Inks that do sediment, don't look crystal smooth or have any floating bits on the top go in the bin.

 

I've been bitten once and realise it's not only the risk of clogging a pen, but the cost of sending even one pen to be cleaned and serviced properly after contamination for me to be happy far exceeds a bottle (even several) of ink. I'm not the biggest fan of Noodler's inks, despite having used them for several years - as an avid believer - as I find consistency better in my less saturated inks. And I keep spilling the darned ink when I open the full bottle.

 

That said, Noodler's have very innovative and a wide range of colours and the bulletproof nature of their inks is not replicated by many, except pigment inks which have their own inherent maintainence issues.
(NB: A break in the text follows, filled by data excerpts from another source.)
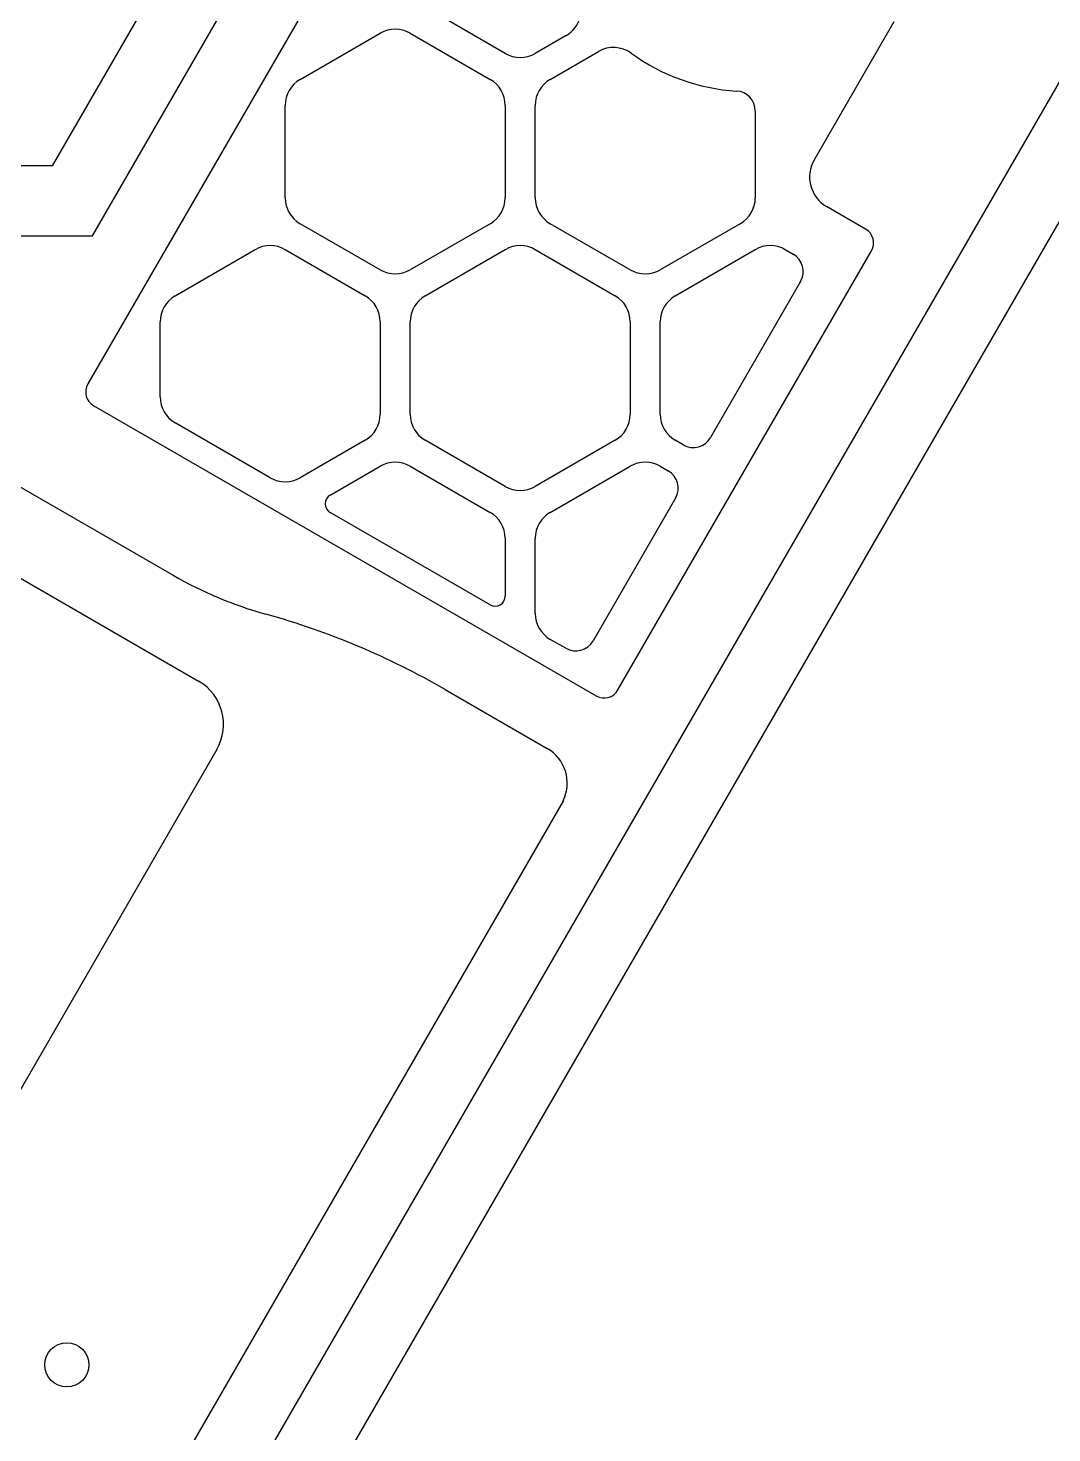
# Model space of a CAD drawing. Extents: x 442 to 745, y 5 to 355.
# Drawn here: x 528.8 to 570.9, y 127.5 to 185.4 of the extents above; entities that cross this region are included whole.
import ezdxf

# ---------------------------------------------------------------- set-up
doc = ezdxf.new("R2010")
doc.units = 0
doc.layers.add('VISIBLE__ANSI_', color=7, linetype='CONTINUOUS')

msp = doc.modelspace()

# ---------------------------------------------------------------- linework, layer by layer
at = {"layer": 'VISIBLE__ANSI_'}
for p, q in [((621.4, 270.075), (517.036, 89.313)), ((531.419, 176.812), (585.265, 270.075)), ((522.029, 92.195), (623.064, 267.193)), ((580.273, 267.193), (529.755, 179.694)), ((551.089, 205.116), (531.222, 170.705)), ((548.407, 184.318), (545.112, 186.22)), ((539.965, 183.249), (543.26, 185.151)), ((544.495, 185.151), (547.789, 183.249)), ((561.122, 179.925), (564.416, 185.63)), ((550.921, 185.057), (549.642, 184.318)), ((550.259, 183.249), (552.247, 184.396)), ((539.348, 178.375), (539.348, 182.179)), ((548.407, 182.179), (548.407, 178.375)), ((549.642, 178.375), (549.642, 182.179)), ((558.701, 181.946), (558.701, 178.375)), ((529.755, 179.694), (486.964, 179.694)), ((563.242, 177.084), (561.635, 178.012)), ((543.26, 175.404), (539.965, 177.305)), ((547.789, 177.305), (544.495, 175.404)), ((553.554, 175.404), (550.259, 177.305)), ((558.083, 177.305), (554.789, 175.404)), ((481.971, 176.812), (531.419, 176.812)), ((534.818, 174.334), (538.113, 176.236)), ((539.348, 176.236), (542.642, 174.334)), ((545.112, 174.334), (548.407, 176.236)), ((549.642, 176.236), (552.936, 174.334)), ((553.045, 158.105), (563.483, 176.184)), ((555.406, 174.334), (558.701, 176.236)), ((559.936, 176.236), (560.265, 176.046)), ((560.567, 174.921), (556.861, 168.502)), ((534.201, 170.174), (534.201, 173.264)), ((543.26, 173.264), (543.26, 169.46)), ((544.495, 169.46), (544.495, 173.264)), ((553.554, 173.264), (553.554, 169.46)), ((554.789, 169.46), (554.789, 173.264)), ((517.786, 172.614), (534.737, 162.827)), ((531.463, 169.805), (552.145, 157.864)), ((516.915, 169.36), (535.777, 158.471)), ((538.73, 166.845), (534.818, 169.104)), ((542.642, 168.391), (539.965, 166.845)), ((548.407, 166.489), (545.112, 168.391)), ((552.936, 168.391), (549.642, 166.489)), ((555.736, 168.2), (555.406, 168.391)), ((541.201, 166.132), (543.26, 167.321)), ((544.495, 167.321), (547.789, 165.419)), ((550.259, 165.419), (553.554, 167.321)), ((554.789, 167.321), (555.118, 167.131)), ((555.42, 166.006), (552.023, 160.122)), ((547.789, 161.615), (541.201, 165.419)), ((548.407, 164.349), (548.407, 161.972)), ((549.642, 161.259), (549.642, 164.349)), ((550.898, 159.82), (550.259, 160.189)), ((545.926, 158.127), (550.134, 155.697)), ((536.53, 155.658), (511.495, 112.296)), ((550.798, 153.554), (520.451, 100.992)), ((550.794, 153.557), (550.798, 153.554))]:
    msp.add_line(p, q, dxfattribs=at)
msp.add_circle((530.354, 130.316), 0.906, dxfattribs=at)
for centre, radius, start, end in [((550.304, 186.127), 1.235, 300, 30.8783), ((543.877, 184.081), 1.235, 60, 120), ((552.864, 183.326), 1.235, 53.9935, 120), ((549.024, 185.388), 1.235, 240, 300), ((558.432, 190.987), 8.235, 233.9935, 266.48967), ((540.583, 182.179), 1.235, 120, 180), ((547.171, 182.179), 1.235, 0, 60), ((550.877, 182.179), 1.235, 120, 180), ((557.877, 181.946), 0.824, 0, 86.48967), ((562.335, 179.225), 1.4, 150, 240), ((540.583, 178.375), 1.235, 180, 240), ((547.171, 178.375), 1.235, 300, 0), ((550.877, 178.375), 1.235, 180, 240), ((557.465, 178.375), 1.235, 300, 0), ((562.913, 176.514), 0.659, 330, 60), ((538.73, 175.166), 1.235, 60, 120), ((549.024, 175.166), 1.235, 60, 120), ((559.318, 175.166), 1.235, 60, 120), ((559.853, 175.332), 0.824, 330, 60), ((543.877, 176.473), 1.235, 240, 300), ((554.171, 176.473), 1.235, 240, 300), ((535.436, 173.264), 1.235, 120, 180), ((542.024, 173.264), 1.235, 0, 60), ((545.73, 173.264), 1.235, 120, 180), ((552.318, 173.264), 1.235, 0, 60), ((556.024, 173.264), 1.235, 120, 180), ((531.792, 170.376), 0.659, 150, 240), ((535.436, 170.174), 1.235, 180, 240), ((542.024, 169.46), 1.235, 300, 0), ((545.73, 169.46), 1.235, 180, 240), ((552.318, 169.46), 1.235, 300, 0), ((556.024, 169.46), 1.235, 180, 240), ((556.148, 168.914), 0.824, 240, 330), ((543.877, 166.251), 1.235, 60, 120), ((554.171, 166.251), 1.235, 60, 120), ((539.348, 167.915), 1.235, 240, 300), ((554.706, 166.417), 0.824, 330, 60), ((541.407, 165.776), 0.412, 120, 240), ((549.024, 167.559), 1.235, 240, 300), ((547.171, 164.349), 1.235, 0, 60), ((550.877, 164.349), 1.235, 120, 180), ((542.972, 177.091), 16.47, 240, 254.42287), ((547.995, 161.972), 0.412, 240, 0), ((529.991, 130.526), 31.87, 60, 74.42287), ((550.877, 161.259), 1.235, 180, 240), ((551.309, 160.534), 0.824, 240, 330), ((534.747, 156.688), 2.059, 330, 60), ((552.475, 158.434), 0.659, 240, 330), ((549.31, 154.271), 1.647, 334.30122, 60)]:
    msp.add_arc(centre, radius, start, end, dxfattribs=at)

doc.saveas('drawing.dxf')
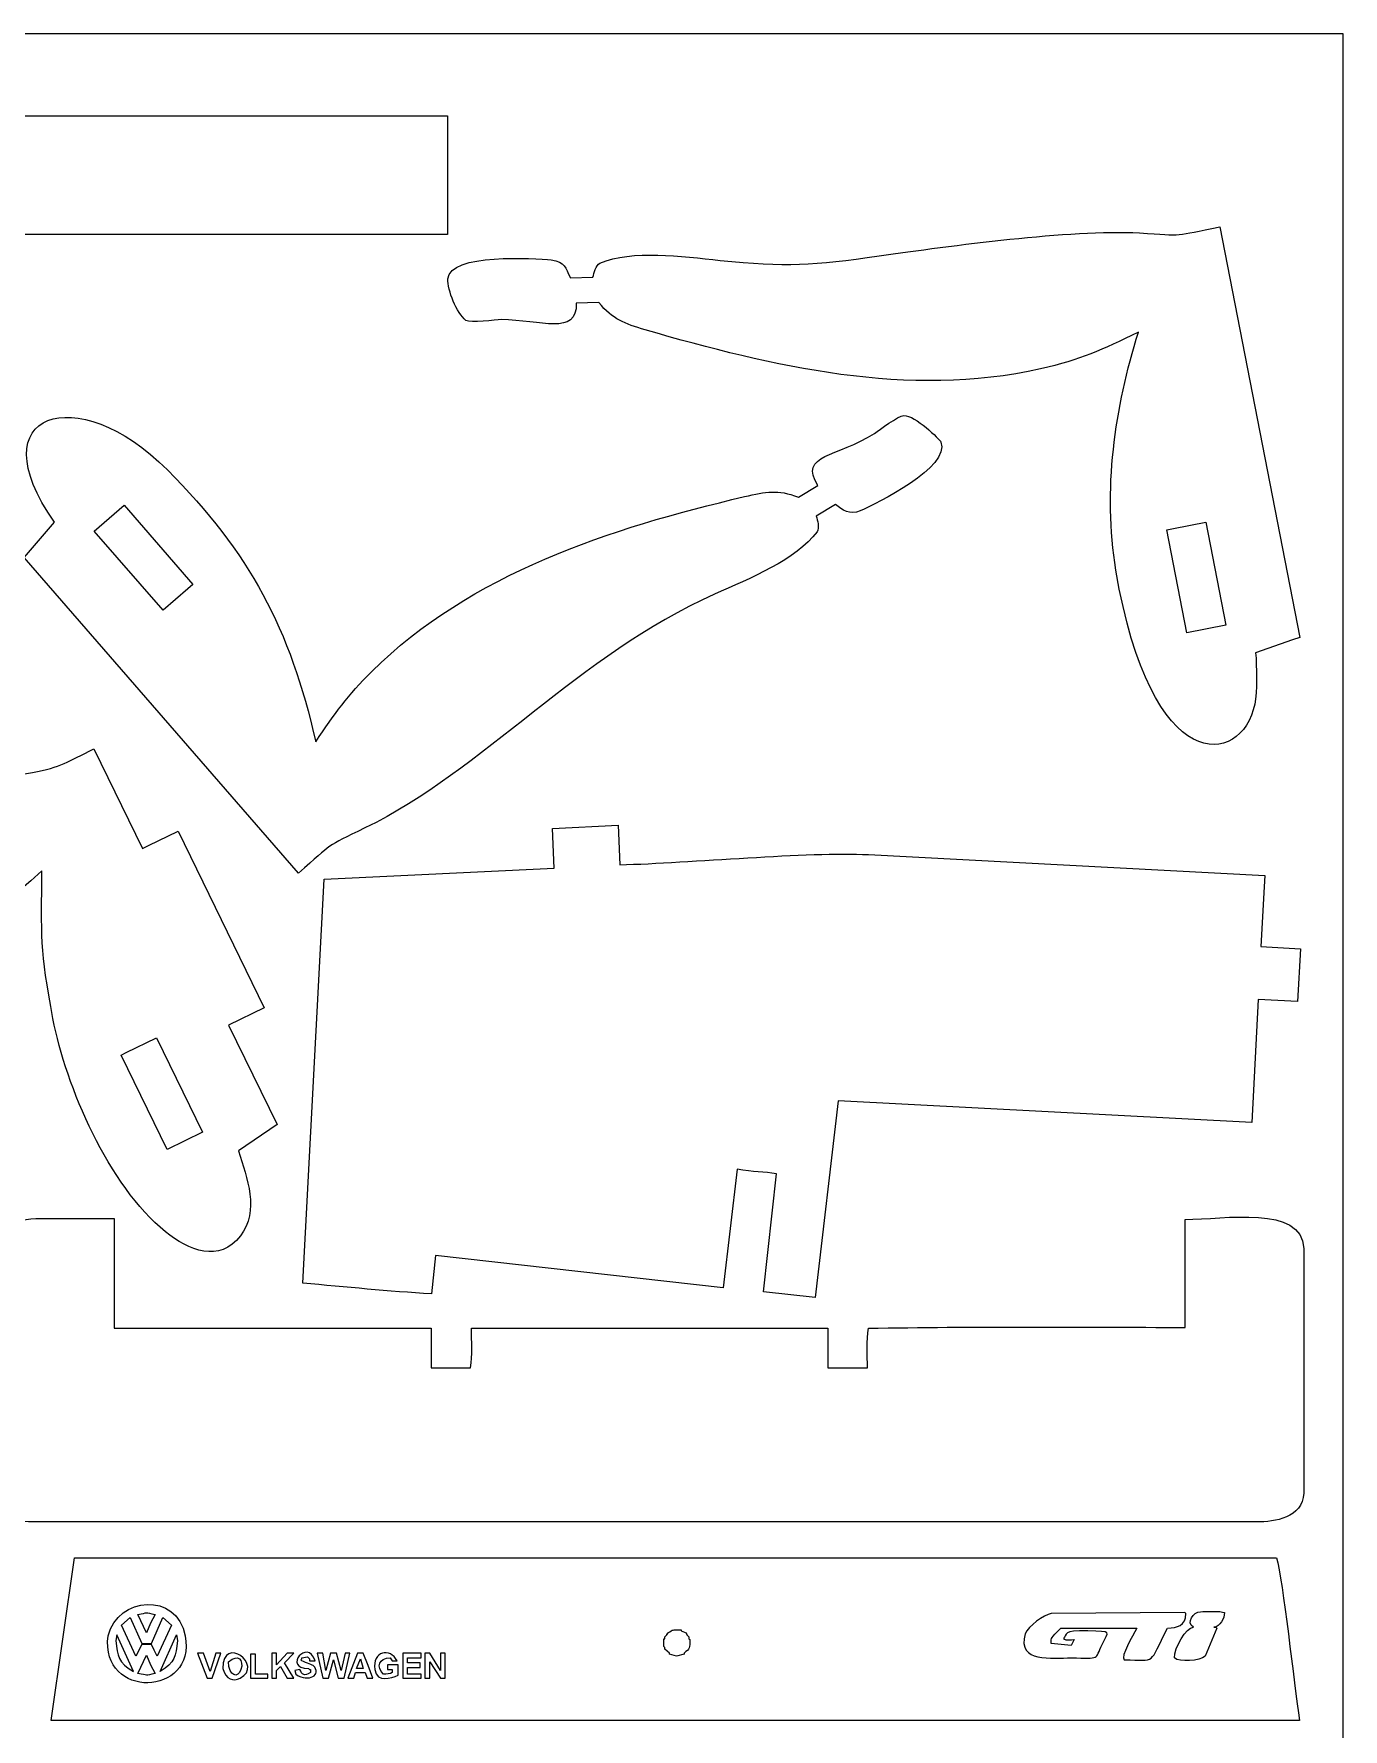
# Model space of a CAD drawing. Header units: centimetres. Extents: x -85 to 60, y -31 to -1.
# Drawn here: x -12.36 to -2.17, y -14.14 to -0.94 of the extents above; entities that cross this region are included whole.
import ezdxf

# ---------------------------------------------------------------- set-up
doc = ezdxf.new("R2010")
doc.units = ezdxf.units.CM
doc.header["$MEASUREMENT"] = 0
doc.layers.add('Camada 1', color=7, linetype='Continuous')

msp = doc.modelspace()

# ---------------------------------------------------------------- linework, layer by layer
at = {"layer": 'Camada 1', "color": 3, "lineweight": 0}
msp.add_lwpolyline([(-23.16834, -30.63638), (-2.16834, -30.63638), (-2.16834, -0.93638), (-23.16834, -0.93638), (-23.16834, -30.63638)], close=True, dxfattribs=at)
at = {"layer": 'Camada 1', "color": 3, "lineweight": 9}
for points, knots in [([(-16.23148, -2.49774), (-16.23148, -2.49774), (-16.149, -2.49774), (-16.149, -2.49774), (-16.149, -2.49774), (-16.149, -2.49774), (-16.149, -2.19018), (-16.149, -2.19018), (-16.149, -2.19018), (-16.149, -2.19018), (-15.54133, -2.19018), (-15.54133, -2.19018), (-15.54133, -2.19018), (-15.54133, -2.19018), (-15.54133, -2.49774), (-15.54133, -2.49774), (-15.54133, -2.49774), (-15.54133, -2.49774), (-9.14223, -2.49774), (-9.14223, -2.49774), (-9.14223, -2.49774), (-9.14223, -2.49774), (-9.14223, -1.57501), (-9.14223, -1.57501), (-9.14223, -1.57501), (-9.14223, -1.57501), (-15.54133, -1.57501), (-15.54133, -1.57501), (-15.54133, -1.57501), (-15.54133, -1.57501), (-15.54133, -1.88257), (-15.54133, -1.88257), (-15.54133, -1.88257), (-15.54133, -1.88257), (-16.149, -1.88257), (-16.149, -1.88257), (-16.149, -1.88257), (-16.149, -1.88257), (-16.149, -1.57501), (-16.149, -1.57501), (-16.149, -1.57501), (-16.149, -1.57501), (-17.99445, -1.57501), (-17.99445, -1.57501), (-17.99445, -1.57501), (-17.99445, -1.57501), (-17.99445, -2.49774), (-17.99445, -2.49774), (-17.99445, -2.49774), (-17.99445, -2.49774), (-16.23148, -2.49774), (-16.23148, -2.49774)], [0, 0, 0, 0, 0.07142857, 0.07142857, 0.07142857, 0.07142857, 0.14285714, 0.14285714, 0.14285714, 0.14285714, 0.21428571, 0.21428571, 0.21428571, 0.21428571, 0.28571429, 0.28571429, 0.28571429, 0.28571429, 0.35714286, 0.35714286, 0.35714286, 0.35714286, 0.42857143, 0.42857143, 0.42857143, 0.42857143, 0.5, 0.5, 0.5, 0.5, 0.57142857, 0.57142857, 0.57142857, 0.57142857, 0.64285714, 0.64285714, 0.64285714, 0.64285714, 0.71428571, 0.71428571, 0.71428571, 0.71428571, 0.78571429, 0.78571429, 0.78571429, 0.78571429, 0.85714286, 0.85714286, 0.85714286, 0.85714286, 1, 1, 1, 1]), ([(-2.56365, -5.65473), (-2.56365, -5.65473), (-2.50621, -5.6359), (-2.50621, -5.6359), (-2.50621, -5.6359), (-2.50621, -5.6359), (-3.12745, -2.43991), (-3.12745, -2.43991), (-3.12745, -2.43991), (-3.48905, -2.51019), (-3.40179, -2.50992), (-3.75298, -2.48508), (-3.75298, -2.48508), (-4.29954, -2.45926), (-5.22639, -2.58578), (-5.78134, -2.66535), (-5.78134, -2.66535), (-6.29327, -2.73875), (-6.51092, -2.75275), (-7.02032, -2.69987), (-7.02032, -2.69987), (-7.32255, -2.66848), (-7.70253, -2.61461), (-7.95616, -2.72127), (-7.95616, -2.72127), (-7.99015, -2.74093), (-8.00162, -2.79694), (-8.01121, -2.83133), (-8.01121, -2.83133), (-8.01121, -2.83133), (-8.1863, -2.83478), (-8.1863, -2.83478), (-8.1863, -2.83478), (-8.22681, -2.75506), (-8.22522, -2.71374), (-8.33561, -2.6957), (-8.33561, -2.6957), (-8.45794, -2.68399), (-9.13162, -2.64119), (-9.13971, -2.84434), (-9.13971, -2.84434), (-9.14323, -2.93268), (-9.07392, -3.10718), (-9.00024, -3.16879), (-9.00024, -3.16879), (-8.96679, -3.18765), (-8.76392, -3.16295), (-8.72653, -3.16143), (-8.72653, -3.16143), (-8.41572, -3.16418), (-8.13342, -3.29094), (-8.14026, -3.03218), (-8.14026, -3.03218), (-8.14026, -3.03218), (-7.96517, -3.02871), (-7.96517, -3.02871), (-7.96517, -3.02871), (-7.85488, -3.15983), (-7.76706, -3.19281), (-7.60295, -3.24108), (-7.60295, -3.24108), (-6.61622, -3.5266), (-5.55315, -3.77812), (-4.5252, -3.54463), (-4.5252, -3.54463), (-4.20961, -3.47295), (-4.04795, -3.39753), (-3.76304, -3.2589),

In Rotation: MB 146 (EF), Noodler's Ahab bumblebee, Edison Pearl (F), Sailor ProGear (N-MF)

In storage: MB 149 (18k EF), TWSBI 540 (B), ST Dupont Olympio XL (EF), MB Dumas (B stub), Waterman Preface (ST), Edison Pearl (0.5mm CI), Noodler's Ahab clear, Pilot VP (M), Danitrio Densho (F), Aurora Optima (F), Lamy 2000 (F), Visconti Homo Sapiens (stub)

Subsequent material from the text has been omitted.